Now the age has opened in which artificial intelligence (AI) imagines and predicts the structures of new materials like a person. Going beyond a tool that merely calculates, it works together as a researcher's "second brain," from generating ideas to experimental validation.
A research team led by Professor Hong Seung-beom in the Department of Materials Science and Engineering at the Korea Advanced Institute of Science and Technology (KAIST) said on the 26th that, together with Drexel University, Northwestern University, the University of Chicago, and the University of Tennessee, it comprehensively analyzed the evolution of AI. The results were published in the international journal ACS Nano in Jul.

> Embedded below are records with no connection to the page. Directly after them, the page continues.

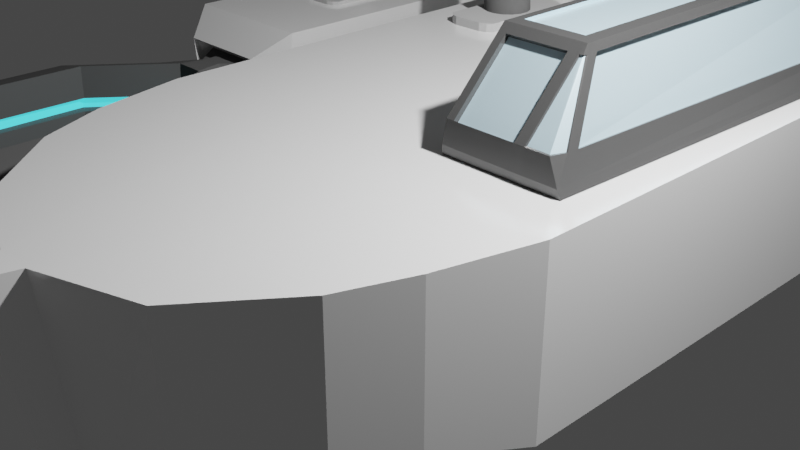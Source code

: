# Source: Valka.blend  (saved by Blender 4.0.36; exported with 4.5.12 LTS)
import bpy
from mathutils import Matrix  # noqa: F401  (used for matrix-valued properties, if any)

bpy.ops.wm.read_factory_settings(use_empty=True)
scene = bpy.context.scene
scene.name = 'Scene'

# ---- collections
col_collection = bpy.data.collections.new('Collection'); scene.collection.children.link(col_collection)
col_disccatcher = bpy.data.collections.new('DiscCatcher'); col_collection.children.link(col_disccatcher)

# ---- materials (node trees are filled in below, after node groups)
mat_white_medium_gloss = bpy.data.materials.new('white_medium_gloss')
mat_white_medium_gloss.use_transparent_shadow = False
mat_gray_medium_flat = bpy.data.materials.new('gray_medium_flat')
mat_gray_medium_flat.use_transparent_shadow = False
mat_glass = bpy.data.materials.new('glass')
mat_glass.use_transparent_shadow = False
mat_gray_medium_gloss = bpy.data.materials.new('gray_medium_gloss')
mat_gray_medium_gloss.alpha_threshold = 0.0
mat_gray_medium_gloss.use_transparent_shadow = False
mat_gray_medium_gloss.roughness = 0.5
mat_gray_medium_gloss.line_color = (0.0, 0.0, 0.0, 1.0)
mat_gray_light_flat = bpy.data.materials.new('gray_light_flat')
mat_gray_light_flat.use_transparent_shadow = False
mat_mag_lev_glow = bpy.data.materials.new('mag_lev_glow')
mat_mag_lev_glow.use_transparent_shadow = False

# ---- material node trees
mat_white_medium_gloss.use_nodes = True; mat_white_medium_gloss.node_tree.nodes.clear()
_N = mat_white_medium_gloss.node_tree.nodes; _L = mat_white_medium_gloss.node_tree.links
n0 = _N.new('ShaderNodeBsdfPrincipled'); n0.name = 'Principled BSDF'; n0.location = (10, 300)
n0.distribution = 'GGX'
n0.subsurface_method = 'RANDOM_WALK_SKIN'
n0.inputs[0].default_value = (1.0, 1.0, 1.0, 1.0)
n0.inputs[1].default_value = 0.2913
n0.inputs[2].default_value = 0.1693
n0.inputs[3].default_value = 1.45
n0.inputs[27].default_value = (0.0, 0.0, 0.0, 1.0)
n0.inputs[28].default_value = 1.0
n1 = _N.new('ShaderNodeOutputMaterial'); n1.name = 'Material Output'; n1.location = (300, 300)
_L.new(n0.outputs[0], n1.inputs[0])
n1.is_active_output = True
mat_gray_medium_flat.use_nodes = True; mat_gray_medium_flat.node_tree.nodes.clear()
_N = mat_gray_medium_flat.node_tree.nodes; _L = mat_gray_medium_flat.node_tree.links
n0 = _N.new('ShaderNodeBsdfPrincipled'); n0.name = 'Principled BSDF'; n0.location = (10, 300)
n0.distribution = 'GGX'
n0.subsurface_method = 'RANDOM_WALK_SKIN'
n0.inputs[0].default_value = (0.1025, 0.1025, 0.1025, 1.0)
n0.inputs[2].default_value = 1.0
n0.inputs[3].default_value = 1.45
n0.inputs[13].default_value = 0.1457
n0.inputs[27].default_value = (0.0, 0.0, 0.0, 1.0)
n0.inputs[28].default_value = 1.0
n1 = _N.new('ShaderNodeOutputMaterial'); n1.name = 'Material Output'; n1.location = (300, 300)
_L.new(n0.outputs[0], n1.inputs[0])
n1.is_active_output = True
mat_glass.use_nodes = True; mat_glass.node_tree.nodes.clear()
_N = mat_glass.node_tree.nodes; _L = mat_glass.node_tree.links
n0 = _N.new('ShaderNodeBsdfPrincipled'); n0.name = 'Principled BSDF'; n0.location = (10, 300)
n0.distribution = 'GGX'
n0.subsurface_method = 'RANDOM_WALK_SKIN'
n0.inputs[0].default_value = (0.528, 0.7094, 0.8, 1.0)
n0.inputs[1].default_value = 0.3307
n0.inputs[2].default_value = 0.311
n0.inputs[3].default_value = 1.45
n0.inputs[13].default_value = 0.3661
n0.inputs[27].default_value = (0.0, 0.0, 0.0, 1.0)
n0.inputs[28].default_value = 1.0
n1 = _N.new('ShaderNodeOutputMaterial'); n1.name = 'Material Output'; n1.location = (300, 300)
_L.new(n0.outputs[0], n1.inputs[0])
n1.is_active_output = True
mat_gray_medium_gloss.use_nodes = True; mat_gray_medium_gloss.node_tree.nodes.clear()
_N = mat_gray_medium_gloss.node_tree.nodes; _L = mat_gray_medium_gloss.node_tree.links
n0 = _N.new('ShaderNodeOutputMaterial'); n0.name = 'Material Output'; n0.location = (300, 300)
n1 = _N.new('ShaderNodeBsdfPrincipled'); n1.name = 'Principled BSDF'; n1.location = (10, 300)
n1.distribution = 'GGX'
n1.subsurface_method = 'RANDOM_WALK_SKIN'
n1.inputs[0].default_value = (0.08353, 0.08353, 0.08353, 1.0)
n1.inputs[1].default_value = 0.2677
n1.inputs[2].default_value = 0.2323
n1.inputs[3].default_value = 1.45
n1.inputs[13].default_value = 0.6969
n1.inputs[27].default_value = (0.0, 0.0, 0.0, 1.0)
n1.inputs[28].default_value = 1.0
_L.new(n1.outputs[0], n0.inputs[0])
n0.is_active_output = True
mat_gray_light_flat.use_nodes = True; mat_gray_light_flat.node_tree.nodes.clear()
_N = mat_gray_light_flat.node_tree.nodes; _L = mat_gray_light_flat.node_tree.links
n0 = _N.new('ShaderNodeBsdfPrincipled'); n0.name = 'Principled BSDF'; n0.location = (10, 300)
n0.distribution = 'GGX'
n0.subsurface_method = 'RANDOM_WALK_SKIN'
n0.inputs[0].default_value = (0.448, 0.448, 0.448, 1.0)
n0.inputs[2].default_value = 1.0
n0.inputs[3].default_value = 1.45
n0.inputs[27].default_value = (0.0, 0.0, 0.0, 1.0)
n0.inputs[28].default_value = 1.0
n1 = _N.new('ShaderNodeOutputMaterial'); n1.name = 'Material Output'; n1.location = (300, 300)
_L.new(n0.outputs[0], n1.inputs[0])
n1.is_active_output = True
mat_mag_lev_glow.use_nodes = True; mat_mag_lev_glow.node_tree.nodes.clear()
_N = mat_mag_lev_glow.node_tree.nodes; _L = mat_mag_lev_glow.node_tree.links
n0 = _N.new('ShaderNodeBsdfPrincipled'); n0.name = 'Principled BSDF'; n0.location = (10, 300)
n0.distribution = 'GGX'
n0.subsurface_method = 'RANDOM_WALK_SKIN'
n0.inputs[0].default_value = (0.07817, 0.6683, 0.8, 1.0)
n0.inputs[3].default_value = 1.45
n0.inputs[27].default_value = (0.07251, 0.8481, 0.9551, 1.0)
n0.inputs[28].default_value = 1.0
n1 = _N.new('ShaderNodeOutputMaterial'); n1.name = 'Material Output'; n1.location = (300, 300)
_L.new(n0.outputs[0], n1.inputs[0])
n1.is_active_output = True

# ---- world
world_world = bpy.data.worlds.new('World'); scene.world = world_world
world_world.use_nodes = True; world_world.node_tree.nodes.clear()
_N = world_world.node_tree.nodes; _L = world_world.node_tree.links
n0 = _N.new('ShaderNodeOutputWorld'); n0.name = 'World Output'; n0.location = (300, 300)
n1 = _N.new('ShaderNodeBackground'); n1.name = 'Background'; n1.location = (10, 300)
n1.inputs[0].default_value = (0.05088, 0.05088, 0.05088, 1.0)
_L.new(n1.outputs[0], n0.inputs[0])
n0.is_active_output = True
world_world.color = (0.05088, 0.05088, 0.05088)
world_world.use_sun_shadow = False
world_world.sun_shadow_jitter_overblur = 0.0

# ---- cameras
cam_camera = bpy.data.cameras.new('Camera')
cam_camera.clip_end = 100.0
cam_camera.ortho_scale = 7.314

# ---- lights
light_light = bpy.data.lights.new('Light', 'POINT')
light_light.transmission_factor = 0.0
light_light.use_soft_falloff = False
light_light.energy = 1000.0
light_light.shadow_soft_size = 0.1
light_light.shadow_maximum_resolution = 0.006
light_light.use_absolute_resolution = True

# ---- meshes
me_cube = bpy.data.meshes.new('Cube')
me_cube.from_pydata([(1.95, 14.74, 0.7684), (1.95, 14.74, -0.7684), (2.558, -0.7949, 1.0), (2.558, -0.7949, -1.0), (-2.08, 14.74, 0.7684), (-2.08, 14.74, -0.7684), (-2.687, -0.7949, 1.0), (-2.687, -0.7949, -1.0), (-1.297, -3.599, -0.4216), (-1.297, -3.599, 0.9725), (1.239, -3.599, 0.9725), (1.239, -3.599, -0.4216), (0.7819, 14.37, -0.9316), (0.9024, 14.37, -0.9072), (0.8093, -1.26, 1.0), (-0.9391, -1.26, 1.0), (-0.5066, -0.7837, -2.233), (0.3519, -0.7837, -2.244), (1.612, 14.37, 0.7587), (-1.904, 14.37, 0.7121), (0.1383, -3.965, 0.9725), (-0.2681, -3.965, 0.9725), (-0.2659, -3.643, -1.72), (0.1361, -3.643, -1.72), (-2.687, 5.245, -1.0), (2.558, 5.245, 1.0), (-2.687, 5.245, 1.0), (2.558, 5.245, -1.0), (-0.9391, 5.528, -1.77), (0.8093, 5.528, -1.77), (0.8093, 5.245, 1.0), (-0.9391, 5.245, 1.0), (-2.687, 13.76, 1.0), (2.558, 13.76, -1.0), (-2.687, 13.76, -1.0), (2.558, 13.76, 1.0), (-2.08, 14.84, -1.824), (-0.9391, 14.82, -2.055), (-2.415, 13.82, 1.968), (-2.08, 14.8, 1.952), (0.8093, 14.8, 2.184), (1.95, 14.8, 1.952), (-0.9391, 14.8, 2.184), (2.285, 13.82, 1.968), (1.916, 6.094, 2.184), (0.8093, 13.82, 2.184), (0.8093, 6.094, 2.184), (-0.9391, 13.82, 2.184), (-0.9391, 6.094, 2.184), (-2.046, 6.094, 2.184), (2.285, 13.84, -1.76), (1.95, 14.84, -1.824), (0.8093, 14.82, -2.055), (-2.415, 13.84, -1.76), (-2.35, 5.464, -1.579), (-0.9391, 13.87, -2.058), (-0.9391, 5.576, -2.081), (0.8093, 13.87, -2.058), (0.8093, 5.576, -2.081), (2.221, 5.464, -1.579), (-0.8615, 6.03, 2.095), (-0.8615, 5.309, 1.089), (0.7317, 5.309, 1.089), (0.7317, 6.03, 2.095), (2.354, 5.309, 1.089), (-2.455, 5.309, 1.089), (1.807, 6.03, 2.095), (-1.87, 6.03, 2.095), (-0.8615, 6.131, 2.022), (-0.8615, 5.41, 1.017), (0.7317, 5.41, 1.017), (0.7317, 6.131, 2.022), (-2.455, 5.41, 1.017), (-1.87, 6.131, 2.022), (2.445, 5.27, -1.071), (0.9022, 5.519, -1.751), (2.148, 5.463, -1.582), (0.9022, 5.561, -2.025), (2.446, 5.573, -0.9807), (0.9035, 5.822, -1.66), (2.149, 5.767, -1.491), (0.9035, 5.865, -1.934), (-1.125, 5.51, -1.732), (-2.462, 5.294, -1.143), (-1.125, 5.547, -1.969), (-2.204, 5.462, -1.585), (-1.076, 5.822, -1.652), (-2.525, 5.588, -1.014), (-1.076, 5.862, -1.909), (-2.246, 5.77, -1.493), (1.842, 14.37, -0.7164), (1.842, 14.37, 0.7121), (2.235, -0.8957, 1.0), (2.235, 5.245, 1.0), (1.703, 14.8, 2.003), (1.676, 6.094, 2.184), (2.178, 13.82, 2.184), (1.703, 14.84, -1.874), (1.915, 5.488, -1.688), (2.178, 13.85, -1.994), (2.191, 5.309, 1.089), (1.652, 6.03, 2.095), (2.206, 5.41, 1.017), (1.667, 6.131, 2.022), (2.11, 5.324, -1.219), (1.877, 5.484, -1.678), (2.112, 5.627, -1.128), (1.879, 5.788, -1.587), (-1.904, 14.37, -0.7164), (1.008, -1.207, 1.0), (1.008, 5.495, -1.683), (0.9388, 14.82, -2.029), (0.9695, 5.563, -2.024), (1.008, 13.86, -2.049), (1.077, 5.49, -1.674), (1.044, 5.55, -1.975), (1.079, 5.794, -1.583), (1.045, 5.854, -1.884), (0.6245, -0.7849, -2.072), (-0.8431, 14.37, -0.9316), (1.008, 5.245, 1.0), (0.9388, 14.8, 2.158), (0.935, 6.094, 2.184), (1.008, 13.82, 2.184), (0.9126, 5.309, 1.089), (0.8462, 6.03, 2.095), (0.9126, 5.41, 1.017), (0.8462, 6.131, 2.022), (2.415, 5.245, 1.0), (2.235, -0.2329, 1.0), (2.246, 5.441, 1.288), (-1.905, 14.74, -0.7119), (1.841, 14.74, 0.7165), (1.841, 14.74, -0.7119), (-1.905, 14.74, 0.7165), (0.7802, 14.82, -1.908), (1.841, 14.83, -1.693), (-0.8448, 14.79, 2.032), (1.841, 14.79, 1.817), (0.7802, 14.79, 2.032), (1.611, 14.79, 1.864), (-1.905, 14.79, 1.817), (-0.8448, 14.82, -1.908), (-1.905, 14.83, -1.693), (0.9006, 14.82, -1.884), (0.9006, 14.79, 2.008), (1.611, 14.83, -1.74), (-0.8431, 14.37, 0.9273), (0.7819, 14.37, 0.9273), (0.7819, 14.44, -1.912), (1.842, 14.46, -1.698), (-0.8431, 14.42, 2.028), (1.842, 14.42, 1.813), (0.7819, 14.42, 2.028), (1.612, 14.42, 1.859), (-1.904, 14.42, 1.813), (-0.8431, 14.44, -1.912), (-1.904, 14.46, -1.698), (0.9024, 14.44, -1.888), (0.9024, 14.37, 0.9029), (1.612, 14.37, -0.7631), (0.9024, 14.42, 2.003), (1.612, 14.45, -1.744), (-2.481, -1.866, -0.7108), (-2.481, -1.866, 0.9863), (2.272, -1.866, -0.7108), (2.272, -1.866, 0.9863), (0.4868, -2.69, 0.9863), (-0.6957, -2.69, 0.9863), (-0.4572, -1.873, -2.06), (0.3162, -1.837, -2.094), (1.916, -2.045, 0.9863), (0.5642, -1.834, -1.935), (0.6896, -2.596, 0.9863), (-2.166, -2.617, -0.5662), (1.983, -2.617, -0.5662), (0.3148, -3.353, 0.9794), (-0.5363, -3.353, 0.9794), (-0.4074, -2.929, -1.864), (0.2105, -2.917, -1.9), (1.655, -2.834, 0.9794), (0.4007, -2.869, -1.717), (0.515, -3.291, 0.9794), (-2.166, -2.617, 0.9794), (1.983, -2.617, 0.9794), (-0.2532, -2.929, -1.979), (-0.2404, -1.844, -2.175), (-0.2148, -0.7837, -2.363), (-0.2078, 5.528, -1.77), (0.1537, -2.929, -1.979), (0.3611, 5.528, -1.77), (0.2063, -0.7837, -2.363), (0.1712, -1.844, -2.175), (0.05146, -4.342, 0.9739), (-0.1813, -4.342, 0.9739), (-0.18, -3.901, -1.745), (0.05023, -3.901, -1.745), (-0.1362, -3.681, -2.011), (0.05771, -3.681, -2.011), (0.06617, -2.966, -2.217), (-0.1301, -2.966, -2.217), (0.07463, -1.911, -2.413), (-0.1239, -1.911, -2.413), (0.1662, 5.49, -2.061), (-0.1082, 5.49, -2.061), (-0.1116, -0.8214, -2.589), (0.09155, -0.8214, -2.589)], [], [(31, 26, 6, 15), (183, 174, 8, 9), (34, 32, 4, 5), (27, 25, 2, 3), (39, 42, 137, 141), (22, 21, 9, 8), (177, 183, 9, 21), (175, 184, 10, 11), (176, 177, 21, 20), (174, 178, 22, 8), (178, 185, 22), (196, 198, 23), (94, 41, 138, 140), (52, 37, 142, 135), (24, 28, 16, 7), (28, 188, 187, 16), (120, 30, 14, 109), (30, 31, 15, 14), (35, 0, 41, 43), (128, 25, 64), (0, 1, 133, 132), (24, 34, 53, 54), (33, 35, 25, 27), (33, 27, 59, 50), (7, 6, 26, 24), (25, 44, 66, 130, 64), (25, 35, 43, 44), (111, 52, 135, 144), (1, 0, 35, 33), (29, 190, 188, 28, 56, 58), (110, 29, 75, 114), (51, 97, 146, 136), (97, 111, 144, 146), (24, 26, 32, 34), (45, 47, 48, 46), (123, 45, 46, 122), (47, 38, 49, 48), (42, 39, 38, 47), (121, 40, 45, 123), (40, 42, 47, 45), (26, 31, 61, 65), (32, 26, 49, 38), (4, 32, 38, 39), (37, 36, 143, 142), (55, 57, 58, 56), (53, 55, 56, 54), (99, 50, 59, 98), (97, 51, 50, 99), (36, 37, 55, 53), (37, 52, 57, 55), (28, 24, 83, 82), (34, 5, 36, 53), (1, 33, 50, 51), (41, 0, 132, 138), (64, 128, 93, 100), (125, 124, 126, 127), (67, 65, 72, 73), (122, 46, 63, 125), (49, 26, 65, 67), (48, 49, 67, 60), (31, 30, 62, 61), (46, 48, 60, 63), (72, 69, 68, 73), (69, 70, 71, 68), (60, 67, 73, 68), (63, 60, 68, 71), (65, 61, 69, 72), (61, 62, 70, 69), (75, 77, 81, 79), (59, 27, 74, 76), (29, 58, 77, 75), (98, 59, 76, 105), (116, 79, 81, 117), (114, 75, 79, 116), (105, 76, 80, 107), (76, 74, 78, 80), (83, 85, 89, 87), (54, 56, 84, 85), (56, 28, 82, 84), (24, 54, 85, 83), (86, 87, 89, 88), (84, 82, 86, 88), (85, 84, 88, 89), (82, 83, 87, 86), (115, 105, 107, 117), (74, 104, 106, 78), (78, 106, 107, 80), (112, 98, 105, 115), (124, 100, 102, 126), (126, 102, 103, 127), (44, 95, 101, 66), (102, 100, 101, 103), (111, 97, 99, 113), (113, 99, 98, 112), (41, 94, 96, 43), (43, 96, 95, 44), (4, 39, 141, 134), (104, 74, 27, 3, 118, 110, 114), (1, 51, 136, 133), (120, 93, 100, 124), (25, 128, 93, 129, 92, 2), (180, 182, 176, 20, 10, 184), (179, 181, 175, 11, 23), (121, 94, 140, 145), (29, 110, 118, 17), (5, 4, 134, 131), (30, 120, 124, 62), (42, 40, 139, 137), (57, 113, 112, 58), (52, 111, 113, 57), (124, 125, 63, 62), (70, 62, 63, 71), (58, 112, 115, 77), (77, 115, 117, 81), (104, 114, 116, 106), (106, 116, 117, 107), (95, 122, 125, 101), (101, 125, 127, 103), (94, 121, 123, 96), (96, 123, 122, 95), (40, 121, 145, 139), (93, 120, 109, 92, 129), (100, 101, 66, 130, 64), (137, 139, 153, 151), (131, 134, 19, 108), (141, 137, 151, 155), (132, 133, 90, 91), (143, 131, 108, 157), (140, 138, 152, 154), (135, 142, 156, 149), (138, 132, 91, 152), (144, 135, 149, 158), (136, 146, 162, 150), (139, 145, 161, 153), (142, 143, 157, 156), (145, 140, 154, 161), (133, 136, 150, 90), (134, 141, 155, 19), (36, 5, 131, 143), (160, 18, 91, 90), (108, 19, 147, 119), (119, 147, 148, 12), (119, 12, 149, 156), (160, 90, 150, 162), (148, 147, 151, 153), (159, 148, 153, 161), (147, 19, 155, 151), (108, 119, 156, 157), (91, 18, 154, 152), (13, 160, 162, 158), (13, 159, 18, 160), (12, 148, 159, 13), (12, 13, 158, 149), (18, 159, 161, 154), (146, 144, 158, 162), (92, 109, 173, 171), (17, 118, 172, 170), (2, 92, 171, 166), (16, 187, 186, 169), (7, 16, 169, 163), (14, 15, 168, 167), (109, 14, 167, 173), (3, 2, 166, 165), (15, 6, 164, 168), (6, 7, 163, 164), (171, 173, 182, 180), (170, 172, 181, 179), (3, 165, 172, 118), (166, 171, 180, 184), (169, 186, 185, 178), (163, 169, 178, 174), (167, 168, 177, 176), (173, 167, 176, 182), (165, 166, 184, 175), (168, 164, 183, 177), (164, 163, 174, 183), (196, 193, 194, 195), (191, 192, 201, 206), (186, 187, 205, 202), (190, 191, 206, 203), (187, 188, 204, 205), (191, 190, 29, 17), (192, 191, 17, 170), (23, 189, 179), (189, 192, 170, 179), (20, 21, 194, 193), (23, 20, 193, 196), (21, 22, 195, 194), (200, 202, 201, 199), (205, 204, 203, 206), (202, 205, 206, 201), (197, 200, 199, 198), (188, 190, 203, 204), (22, 185, 200, 197), (189, 23, 198, 199), (185, 186, 202, 200), (197, 198, 196, 195), (192, 189, 199, 201), (197, 195, 22), (10, 20, 23, 11), (172, 165, 175, 181)])
me_cube.polygons.foreach_set('material_index', [0, 0, 0, 0, 0, 0, 0, 0, 0, 0, 0, 0, 0, 0, 0, 0, 0, 0, 0, 0, 0, 0, 0, 0, 0, 0, 0, 0, 0, 0, 0, 0, 0, 0, 0, 0, 0, 0, 0, 0, 0, 0, 0, 0, 0, 0, 0, 0, 0, 0, 0, 0, 0, 0, 0, 0, 0, 0, 0, 0, 0, 0, 1, 1, 0, 0, 0, 0, 0, 0, 0, 0, 1, 0, 0, 0, 0, 0, 0, 0, 1, 0, 0, 0, 0, 0, 1, 0, 0, 0, 0, 0, 0, 0, 0, 0, 0, 0, 0, 0, 0, 0, 0, 0, 0, 0, 0, 0, 0, 0, 0, 0, 0, 0, 0, 1, 0, 0, 0, 0, 0, 0, 0, 0, 0, 0, 0, 0, 0, 0, 0, 0, 0, 0, 0, 0, 0, 0, 0, 1, 1, 1, 1, 1, 1, 1, 1, 1, 1, 1, 1, 1, 1, 1, 0, 0, 0, 0, 0, 0, 0, 0, 0, 0, 0, 0, 0, 0, 0, 0, 0, 0, 0, 0, 0, 0, 0, 0, 0, 0, 0, 0, 0, 0, 0, 0, 0, 0, 0, 0, 0, 0, 0, 0, 0, 0, 0, 0, 0, 0, 0])
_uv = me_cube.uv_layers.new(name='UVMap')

The team divided the materials research process into three stages—discovery, development, and optimization—and specified the role AI plays at each stage. AI first recommends promising candidates from among countless materials, reduces trial and error in the experimental process, and adjusts conditions on its own to find the optimal outcome.
The team analyzed that the latest technologies—such as Generative AI, graph neural networks, and transformer models—are turning AI from a simple calculation tool into a thinking researcher. AI learns the principles of physics and chemistry on its own to imagine new materials and carries out the entire process together from proposing ideas to experimental validation.
It also introduced cases of "autonomous laboratories," in which AI itself draws up experimental plans and robots carry out the experiments, and an "AI-based catalyst search platform." In this system, AI designs the experimental conditions, and robots automatically synthesize catalysts and analyze the results. This technology, which can speed up research, can also be applied to other fields such as batteries and energy materials.
However, the team noted that AI's predictions are not always the correct answer. It said tasks remain to be solved, including imbalances in data quality, difficulties in interpreting results, and the integration of disparate data. Therefore, it emphasized that going forward, technologies must advance in tandem so that AI understands physical principles and researchers can transparently verify the process.
Professor Hong Seung-beom said, "This study shows that AI is establishing itself not just as a tool but as a new language and way of thinking in materials science and engineering," adding, "The roadmap presented here will offer important direction to researchers in fields such as batteries, semiconductors, and energy materials."